- PROBLEM REQUIREMENTS:
Repeat each line, word for word, from the one containing "#314=SHAPE_DEFINITION_REPRESENTATION(#9,#313);" through the last line of the entries, and include no other output.

Items listed in a dataset
*** Begin section ***
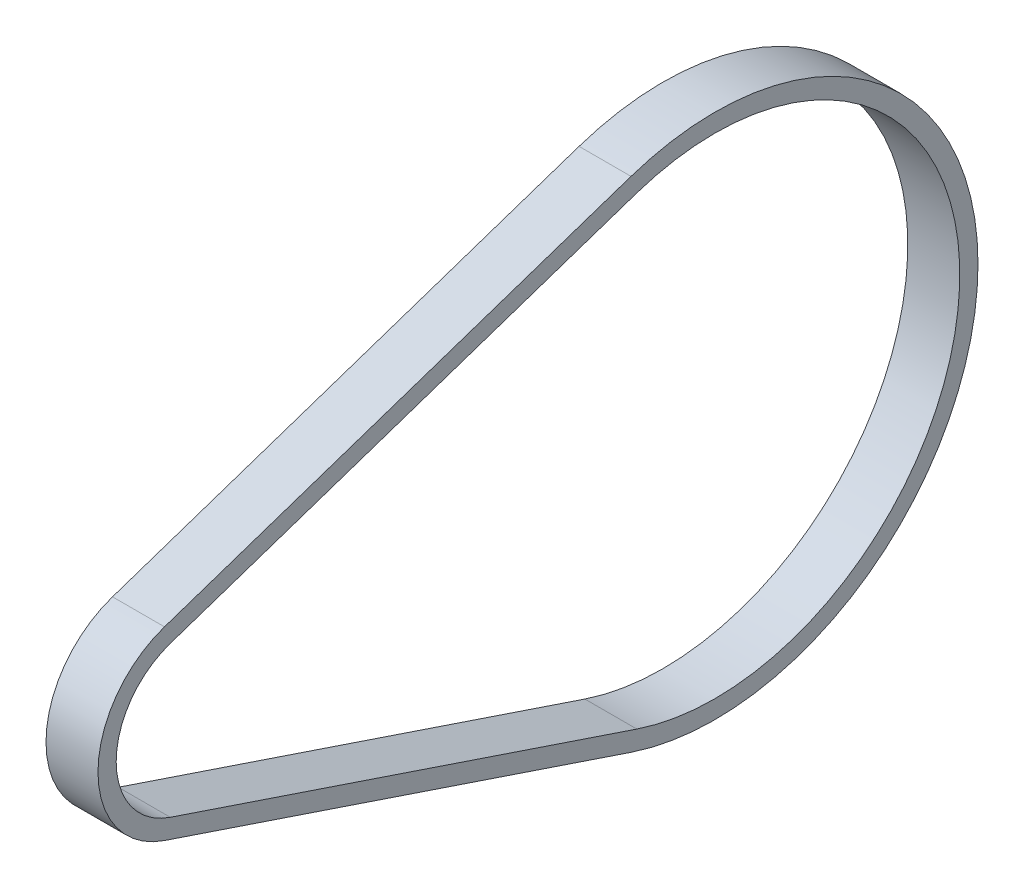
ISO-10303-21;
HEADER;
FILE_DESCRIPTION(('STEP AP214'),'2;1');
FILE_NAME('part.step','',(''),(''),'','','');
FILE_SCHEMA(('AUTOMOTIVE_DESIGN { 1 0 10303 214 1 1 1 1 }'));
ENDSEC;
DATA;
#1=APPLICATION_CONTEXT('core data for automotive mechanical design processes');
#2=APPLICATION_PROTOCOL_DEFINITION('international standard','automotive_design',2000,#1);
#3=PRODUCT_CONTEXT('',#1,'mechanical');
#4=PRODUCT('Part','Part','',(#3));
#5=PRODUCT_RELATED_PRODUCT_CATEGORY('part','',(#4));
#6=PRODUCT_DEFINITION_FORMATION('','',#4);
#7=PRODUCT_DEFINITION_CONTEXT('part definition',#1,'design');
#8=PRODUCT_DEFINITION('design','',#6,#7);
#9=PRODUCT_DEFINITION_SHAPE('','',#8);
#10=(LENGTH_UNIT() NAMED_UNIT(*) SI_UNIT(.MILLI.,.METRE.));
#11=(NAMED_UNIT(*) PLANE_ANGLE_UNIT() SI_UNIT($,.RADIAN.));
#12=(NAMED_UNIT(*) SI_UNIT($,.STERADIAN.) SOLID_ANGLE_UNIT());
#13=UNCERTAINTY_MEASURE_WITH_UNIT(LENGTH_MEASURE(1.E-05),#10,'distance_accuracy_value','');
#14=(GEOMETRIC_REPRESENTATION_CONTEXT(3) GLOBAL_UNCERTAINTY_ASSIGNED_CONTEXT((#13)) GLOBAL_UNIT_ASSIGNED_CONTEXT((#10,
#11,#12)) REPRESENTATION_CONTEXT('',''));
#15=CARTESIAN_POINT('',(0.,0.,0.));
#16=DIRECTION('',(0.,0.,1.));
#17=DIRECTION('',(1.,0.,0.));
#18=AXIS2_PLACEMENT_3D('',#15,#16,#17);
#19=CARTESIAN_POINT('',(6.021,39.066982169511,93.218905768999));
#20=DIRECTION('',(0.,-0.947862243379144,-0.318680353295048));
#21=DIRECTION('',(0.,0.318680353295048,-0.947862243379144));
#22=AXIS2_PLACEMENT_3D('',#19,#20,#21);
#23=PLANE('',#22);
#24=DIRECTION('',(1.,0.,0.));
#25=VECTOR('',#24,1.);
#26=CARTESIAN_POINT('',(6.021,57.1698175379885,39.3750024141588));
#27=LINE('',#26,#25);
#28=CARTESIAN_POINT('',(0.0209999999999844,57.1698175379887,39.3750024141591));
#29=VERTEX_POINT('',#28);
#30=CARTESIAN_POINT('',(6.021,57.1698175379887,39.3750024141591));
#31=VERTEX_POINT('',#30);
#32=EDGE_CURVE('E96',#29,#31,#27,.T.);
#33=ORIENTED_EDGE('',*,*,#32,.T.);
#34=DIRECTION('',(0.,-0.318680353294782,0.947862243379234));
#35=VECTOR('',#34,1.);
#36=CARTESIAN_POINT('',(6.021,57.169817537989,39.375002414159));
#37=LINE('',#36,#35);
#38=CARTESIAN_POINT('',(6.021,39.0669821695112,93.218905768999));
#39=VERTEX_POINT('',#38);
#40=EDGE_CURVE('E95',#31,#39,#37,.T.);
#41=ORIENTED_EDGE('',*,*,#40,.T.);
#42=DIRECTION('',(1.,0.,0.));
#43=VECTOR('',#42,1.);
#44=CARTESIAN_POINT('',(6.021,39.0669821695114,93.2189057689991));
#45=LINE('',#44,#43);
#46=CARTESIAN_POINT('',(0.0209999999999897,39.0669821695112,93.218905768999));
#47=VERTEX_POINT('',#46);
#48=EDGE_CURVE('E121',#39,#47,#45,.F.);
#49=ORIENTED_EDGE('',*,*,#48,.T.);
#50=DIRECTION('',(0.,-0.318680353294782,0.947862243379234));
#51=VECTOR('',#50,1.);
#52=CARTESIAN_POINT('',(0.020999999999987,57.169817537989,39.375002414159));
#53=LINE('',#52,#51);
#54=EDGE_CURVE('E132',#29,#47,#53,.T.);
#55=ORIENTED_EDGE('',*,*,#54,.F.);
#56=EDGE_LOOP('',(#33,#41,#49,#55));
#57=FACE_BOUND('',#56,.T.);
#58=ADVANCED_FACE('F15',(#57),#23,.T.);
#59=CARTESIAN_POINT('',(6.021,30.3767,90.297149774016));
#60=DIRECTION('',(1.,0.,0.));
#61=DIRECTION('',(0.,1.,0.));
#62=AXIS2_PLACEMENT_3D('',#59,#60,#61);
#63=CYLINDRICAL_SURFACE('',#62,9.168296585514);
#64=CARTESIAN_POINT('',(0.0209999999999906,30.3767,90.297149774016));
#65=DIRECTION('',(1.,0.,0.));
#66=DIRECTION('',(0.,1.,0.));
#67=AXIS2_PLACEMENT_3D('',#64,#65,#66);
#68=CIRCLE('',#67,9.168296585514);
#69=CARTESIAN_POINT('',(0.0209999999999916,21.6864178304965,93.2189057689964));
#70=VERTEX_POINT('',#69);
#71=EDGE_CURVE('E129',#47,#70,#68,.T.);
#72=ORIENTED_EDGE('',*,*,#71,.F.);
#73=ORIENTED_EDGE('',*,*,#48,.F.);
#74=CARTESIAN_POINT('',(6.021,30.3767,90.297149774016));
#75=DIRECTION('',(1.,0.,0.));
#76=DIRECTION('',(0.,1.,0.));
#77=AXIS2_PLACEMENT_3D('',#74,#75,#76);
#78=CIRCLE('',#77,9.168296585514);
#79=CARTESIAN_POINT('',(6.021,21.6864178304965,93.2189057689964));
#80=VERTEX_POINT('',#79);
#81=EDGE_CURVE('E108',#39,#80,#78,.T.);
#82=ORIENTED_EDGE('',*,*,#81,.T.);
#83=DIRECTION('',(1.,0.,0.));
#84=VECTOR('',#83,1.);
#85=CARTESIAN_POINT('',(6.021,21.6864178305042,93.2189057689939));
#86=LINE('',#85,#84);
#87=EDGE_CURVE('E117',#70,#80,#86,.T.);
#88=ORIENTED_EDGE('',*,*,#87,.F.);
#89=EDGE_LOOP('',(#72,#73,#82,#88));
#90=FACE_BOUND('',#89,.T.);
#91=ADVANCED_FACE('F139',(#90),#63,.F.);
#92=CARTESIAN_POINT('',(6.021,3.583582462011,39.375002414159));
#93=DIRECTION('',(0.,0.947862243379144,-0.318680353295048));
#94=DIRECTION('',(0.,0.318680353295048,0.947862243379144));
#95=AXIS2_PLACEMENT_3D('',#92,#93,#94);
#96=PLANE('',#95);
#97=ORIENTED_EDGE('',*,*,#87,.T.);
#98=DIRECTION('',(0.,-0.318680353294782,-0.947862243379234));
#99=VECTOR('',#98,1.);
#100=CARTESIAN_POINT('',(6.021,21.686417830489,93.218905768999));
#101=LINE('',#100,#99);
#102=CARTESIAN_POINT('',(6.02100000000001,3.58358246201129,39.3750024141591));
#103=VERTEX_POINT('',#102);
#104=EDGE_CURVE('E106',#80,#103,#101,.T.);
#105=ORIENTED_EDGE('',*,*,#104,.T.);
#106=DIRECTION('',(1.,0.,0.));
#107=VECTOR('',#106,1.);
#108=CARTESIAN_POINT('',(6.021,3.58358246201147,39.3750024141588));
#109=LINE('',#108,#107);
#110=CARTESIAN_POINT('',(0.02099999999999,3.58358246201129,39.3750024141591));
#111=VERTEX_POINT('',#110);
#112=EDGE_CURVE('E115',#103,#111,#109,.F.);
#113=ORIENTED_EDGE('',*,*,#112,.T.);
#114=DIRECTION('',(0.,-0.318680353294782,-0.947862243379234));
#115=VECTOR('',#114,1.);
#116=CARTESIAN_POINT('',(0.020999999999991,21.686417830489,93.218905768999));
#117=LINE('',#116,#115);
#118=EDGE_CURVE('E128',#70,#111,#117,.T.);
#119=ORIENTED_EDGE('',*,*,#118,.F.);
#120=EDGE_LOOP('',(#97,#105,#113,#119));
#121=FACE_BOUND('',#120,.T.);
#122=ADVANCED_FACE('F145',(#121),#96,.T.);
#123=CARTESIAN_POINT('',(6.021,30.3767,30.3669));
#124=DIRECTION('',(1.,0.,0.));
#125=DIRECTION('',(0.,1.,0.));
#126=AXIS2_PLACEMENT_3D('',#123,#124,#125);
#127=CYLINDRICAL_SURFACE('',#126,28.266889756541);
#128=CARTESIAN_POINT('',(0.0209999999999872,30.3767,30.3669));
#129=DIRECTION('',(1.,0.,0.));
#130=DIRECTION('',(0.,1.,0.));
#131=AXIS2_PLACEMENT_3D('',#128,#129,#130);
#132=CIRCLE('',#131,28.266889756541);
#133=EDGE_CURVE('E114',#111,#29,#132,.T.);
#134=ORIENTED_EDGE('',*,*,#133,.F.);
#135=ORIENTED_EDGE('',*,*,#112,.F.);
#136=CARTESIAN_POINT('',(6.021,30.3767,30.3669));
#137=DIRECTION('',(1.,0.,0.));
#138=DIRECTION('',(0.,1.,0.));
#139=AXIS2_PLACEMENT_3D('',#136,#137,#138);
#140=CIRCLE('',#139,28.266889756541);
#141=EDGE_CURVE('E87',#103,#31,#140,.T.);
#142=ORIENTED_EDGE('',*,*,#141,.T.);
#143=ORIENTED_EDGE('',*,*,#32,.F.);
#144=EDGE_LOOP('',(#134,#135,#142,#143));
#145=FACE_BOUND('',#144,.T.);
#146=ADVANCED_FACE('F152',(#145),#127,.F.);
#147=CARTESIAN_POINT('',(6.021,30.3767,90.297149774017));
#148=DIRECTION('',(1.,0.,0.));
#149=DIRECTION('',(0.,1.,0.));
#150=AXIS2_PLACEMENT_3D('',#147,#148,#149);
#151=CYLINDRICAL_SURFACE('',#150,11.268296585514);
#152=CARTESIAN_POINT('',(0.0209999999999906,30.3767,90.297149774017));
#153=DIRECTION('',(1.,0.,0.));
#154=DIRECTION('',(0.,1.,0.));
#155=AXIS2_PLACEMENT_3D('',#152,#153,#154);
#156=CIRCLE('',#155,11.268296585514);
#157=CARTESIAN_POINT('',(0.0209999999999917,19.6959071194002,93.8881345109157));
#158=VERTEX_POINT('',#157);
#159=CARTESIAN_POINT('',(0.0209999999999896,41.0574928806073,93.88813451092));
#160=VERTEX_POINT('',#159);
#161=EDGE_CURVE('E82',#158,#160,#156,.F.);
#162=ORIENTED_EDGE('',*,*,#161,.F.);
#163=DIRECTION('',(1.,0.,0.));
#164=VECTOR('',#163,1.);
#165=CARTESIAN_POINT('',(6.021,19.6959071194081,93.8881345109126));
#166=LINE('',#165,#164);
#167=CARTESIAN_POINT('',(6.021,19.6959071194087,93.8881345109146));
#168=VERTEX_POINT('',#167);
#169=EDGE_CURVE('E78',#158,#168,#166,.T.);
#170=ORIENTED_EDGE('',*,*,#169,.T.);
#171=CARTESIAN_POINT('',(6.021,30.3767,90.297149774017));
#172=DIRECTION('',(1.,0.,0.));
#173=DIRECTION('',(0.,1.,0.));
#174=AXIS2_PLACEMENT_3D('',#171,#172,#173);
#175=CIRCLE('',#174,11.268296585514);
#176=CARTESIAN_POINT('',(6.021,41.0574928806073,93.88813451092));
#177=VERTEX_POINT('',#176);
#178=EDGE_CURVE('E18',#168,#177,#175,.F.);
#179=ORIENTED_EDGE('',*,*,#178,.T.);
#180=DIRECTION('',(1.,0.,0.));
#181=VECTOR('',#180,1.);
#182=CARTESIAN_POINT('',(6.021,41.057492880608,93.888134510918));
#183=LINE('',#182,#181);
#184=EDGE_CURVE('E112',#177,#160,#183,.F.);
#185=ORIENTED_EDGE('',*,*,#184,.T.);
#186=EDGE_LOOP('',(#162,#170,#179,#185));
#187=FACE_BOUND('',#186,.T.);
#188=ADVANCED_FACE('F80',(#187),#151,.T.);
#189=CARTESIAN_POINT('',(6.021,30.3767,48.890431045835));
#190=DIRECTION('',(-1.,0.,0.));
#191=DIRECTION('',(0.,-1.,0.));
#192=AXIS2_PLACEMENT_3D('',#189,#190,#191);
#193=PLANE('',#192);
#194=ORIENTED_EDGE('',*,*,#104,.F.);
#195=ORIENTED_EDGE('',*,*,#81,.F.);
#196=ORIENTED_EDGE('',*,*,#40,.F.);
#197=ORIENTED_EDGE('',*,*,#141,.F.);
#198=EDGE_LOOP('',(#194,#195,#196,#197));
#199=FACE_BOUND('',#198,.T.);
#200=DIRECTION('',(0.,0.318680353295048,-0.947862243379144));
#201=VECTOR('',#200,1.);
#202=CARTESIAN_POINT('',(6.021,41.057492880608,93.888134510918));
#203=LINE('',#202,#201);
#204=CARTESIAN_POINT('',(6.021,59.1603282490916,40.0442311560848));
#205=VERTEX_POINT('',#204);
#206=EDGE_CURVE('E93',#205,#177,#203,.F.);
#207=ORIENTED_EDGE('',*,*,#206,.T.);
#208=ORIENTED_EDGE('',*,*,#178,.F.);
#209=DIRECTION('',(0.,0.318680353295048,0.947862243379144));
#210=VECTOR('',#209,1.);
#211=CARTESIAN_POINT('',(6.021,1.593071750915,40.044231156078));
#212=LINE('',#211,#210);
#213=CARTESIAN_POINT('',(6.021,1.59307175091642,40.0442311560821));
#214=VERTEX_POINT('',#213);
#215=EDGE_CURVE('E86',#168,#214,#212,.F.);
#216=ORIENTED_EDGE('',*,*,#215,.T.);
#217=CARTESIAN_POINT('',(6.021,30.3767,30.3669));
#218=DIRECTION('',(1.,0.,0.));
#219=DIRECTION('',(0.,1.,0.));
#220=AXIS2_PLACEMENT_3D('',#217,#218,#219);
#221=CIRCLE('',#220,30.366889756541);
#222=EDGE_CURVE('E111',#205,#214,#221,.F.);
#223=ORIENTED_EDGE('',*,*,#222,.F.);
#224=EDGE_LOOP('',(#207,#208,#216,#223));
#225=FACE_BOUND('',#224,.T.);
#226=ADVANCED_FACE('F90',(#199,#225),#193,.F.);
#227=CARTESIAN_POINT('',(6.021,1.593071750915,40.044231156078));
#228=DIRECTION('',(0.,0.947862243379144,-0.318680353295048));
#229=DIRECTION('',(0.,0.318680353295048,0.947862243379144));
#230=AXIS2_PLACEMENT_3D('',#227,#228,#229);
#231=PLANE('',#230);
#232=ORIENTED_EDGE('',*,*,#169,.F.);
#233=DIRECTION('',(0.,0.318680353294766,0.947862243379239));
#234=VECTOR('',#233,1.);
#235=CARTESIAN_POINT('',(0.0209999999999932,1.593071750915,40.044231156078));
#236=LINE('',#235,#234);
#237=CARTESIAN_POINT('',(0.0209999999999896,1.59307175091501,40.0442311560778));
#238=VERTEX_POINT('',#237);
#239=EDGE_CURVE('E101',#238,#158,#236,.T.);
#240=ORIENTED_EDGE('',*,*,#239,.F.);
#241=DIRECTION('',(1.,0.,0.));
#242=VECTOR('',#241,1.);
#243=CARTESIAN_POINT('',(6.021,1.59307175091511,40.044231156078));
#244=LINE('',#243,#242);
#245=EDGE_CURVE('E99',#214,#238,#244,.F.);
#246=ORIENTED_EDGE('',*,*,#245,.F.);
#247=ORIENTED_EDGE('',*,*,#215,.F.);
#248=EDGE_LOOP('',(#232,#240,#246,#247));
#249=FACE_BOUND('',#248,.T.);
#250=ADVANCED_FACE('F97',(#249),#231,.F.);
#251=CARTESIAN_POINT('',(0.02099999999999,30.3767,48.890431045835));
#252=DIRECTION('',(-1.,0.,0.));
#253=DIRECTION('',(0.,-1.,0.));
#254=AXIS2_PLACEMENT_3D('',#251,#252,#253);
#255=PLANE('',#254);
#256=ORIENTED_EDGE('',*,*,#118,.T.);
#257=ORIENTED_EDGE('',*,*,#133,.T.);
#258=ORIENTED_EDGE('',*,*,#54,.T.);
#259=ORIENTED_EDGE('',*,*,#71,.T.);
#260=EDGE_LOOP('',(#256,#257,#258,#259));
#261=FACE_BOUND('',#260,.T.);
#262=DIRECTION('',(0.,0.318680353295048,-0.947862243379144));
#263=VECTOR('',#262,1.);
#264=CARTESIAN_POINT('',(0.0209999999999898,41.057492880608,93.888134510918));
#265=LINE('',#264,#263);
#266=CARTESIAN_POINT('',(0.020999999999983,59.1603282490916,40.0442311560848));
#267=VERTEX_POINT('',#266);
#268=EDGE_CURVE('E33',#160,#267,#265,.T.);
#269=ORIENTED_EDGE('',*,*,#268,.T.);
#270=CARTESIAN_POINT('',(0.0209999999999863,30.3767,30.3669));
#271=DIRECTION('',(1.,0.,0.));
#272=DIRECTION('',(0.,1.,0.));
#273=AXIS2_PLACEMENT_3D('',#270,#271,#272);
#274=CIRCLE('',#273,30.366889756541);
#275=EDGE_CURVE('E24',#238,#267,#274,.T.);
#276=ORIENTED_EDGE('',*,*,#275,.F.);
#277=ORIENTED_EDGE('',*,*,#239,.T.);
#278=ORIENTED_EDGE('',*,*,#161,.T.);
#279=EDGE_LOOP('',(#269,#276,#277,#278));
#280=FACE_BOUND('',#279,.T.);
#281=ADVANCED_FACE('F155',(#261,#280),#255,.T.);
#282=CARTESIAN_POINT('',(6.021,41.057492880608,93.888134510918));
#283=DIRECTION('',(0.,-0.947862243379144,-0.318680353295048));
#284=DIRECTION('',(0.,0.318680353295048,-0.947862243379144));
#285=AXIS2_PLACEMENT_3D('',#282,#283,#284);
#286=PLANE('',#285);
#287=DIRECTION('',(1.,0.,0.));
#288=VECTOR('',#287,1.);
#289=CARTESIAN_POINT('',(6.021,59.1603282490849,40.044231156078));
#290=LINE('',#289,#288);
#291=EDGE_CURVE('E9',#267,#205,#290,.T.);
#292=ORIENTED_EDGE('',*,*,#291,.F.);
#293=ORIENTED_EDGE('',*,*,#268,.F.);
#294=ORIENTED_EDGE('',*,*,#184,.F.);
#295=ORIENTED_EDGE('',*,*,#206,.F.);
#296=EDGE_LOOP('',(#292,#293,#294,#295));
#297=FACE_BOUND('',#296,.T.);
#298=ADVANCED_FACE('F162',(#297),#286,.F.);
#299=CARTESIAN_POINT('',(6.021,30.3767,30.3669));
#300=DIRECTION('',(1.,0.,0.));
#301=DIRECTION('',(0.,1.,0.));
#302=AXIS2_PLACEMENT_3D('',#299,#300,#301);
#303=CYLINDRICAL_SURFACE('',#302,30.366889756541);
#304=ORIENTED_EDGE('',*,*,#275,.T.);
#305=ORIENTED_EDGE('',*,*,#291,.T.);
#306=ORIENTED_EDGE('',*,*,#222,.T.);
#307=ORIENTED_EDGE('',*,*,#245,.T.);
#308=EDGE_LOOP('',(#304,#305,#306,#307));
#309=FACE_BOUND('',#308,.T.);
#310=ADVANCED_FACE('F160',(#309),#303,.T.);
#311=CLOSED_SHELL('',(#58,#91,#122,#146,#188,#226,#250,#281,#298,#310));
#312=MANIFOLD_SOLID_BREP('B1',#311);
#313=ADVANCED_BREP_SHAPE_REPRESENTATION('',(#18,#312),#14);
#314=SHAPE_DEFINITION_REPRESENTATION(#9,#313);
ENDSEC;
END-ISO-10303-21;
*** End section ***
- RESPONSE:
#314=SHAPE_DEFINITION_REPRESENTATION(#9,#313);
ENDSEC;
END-ISO-10303-21;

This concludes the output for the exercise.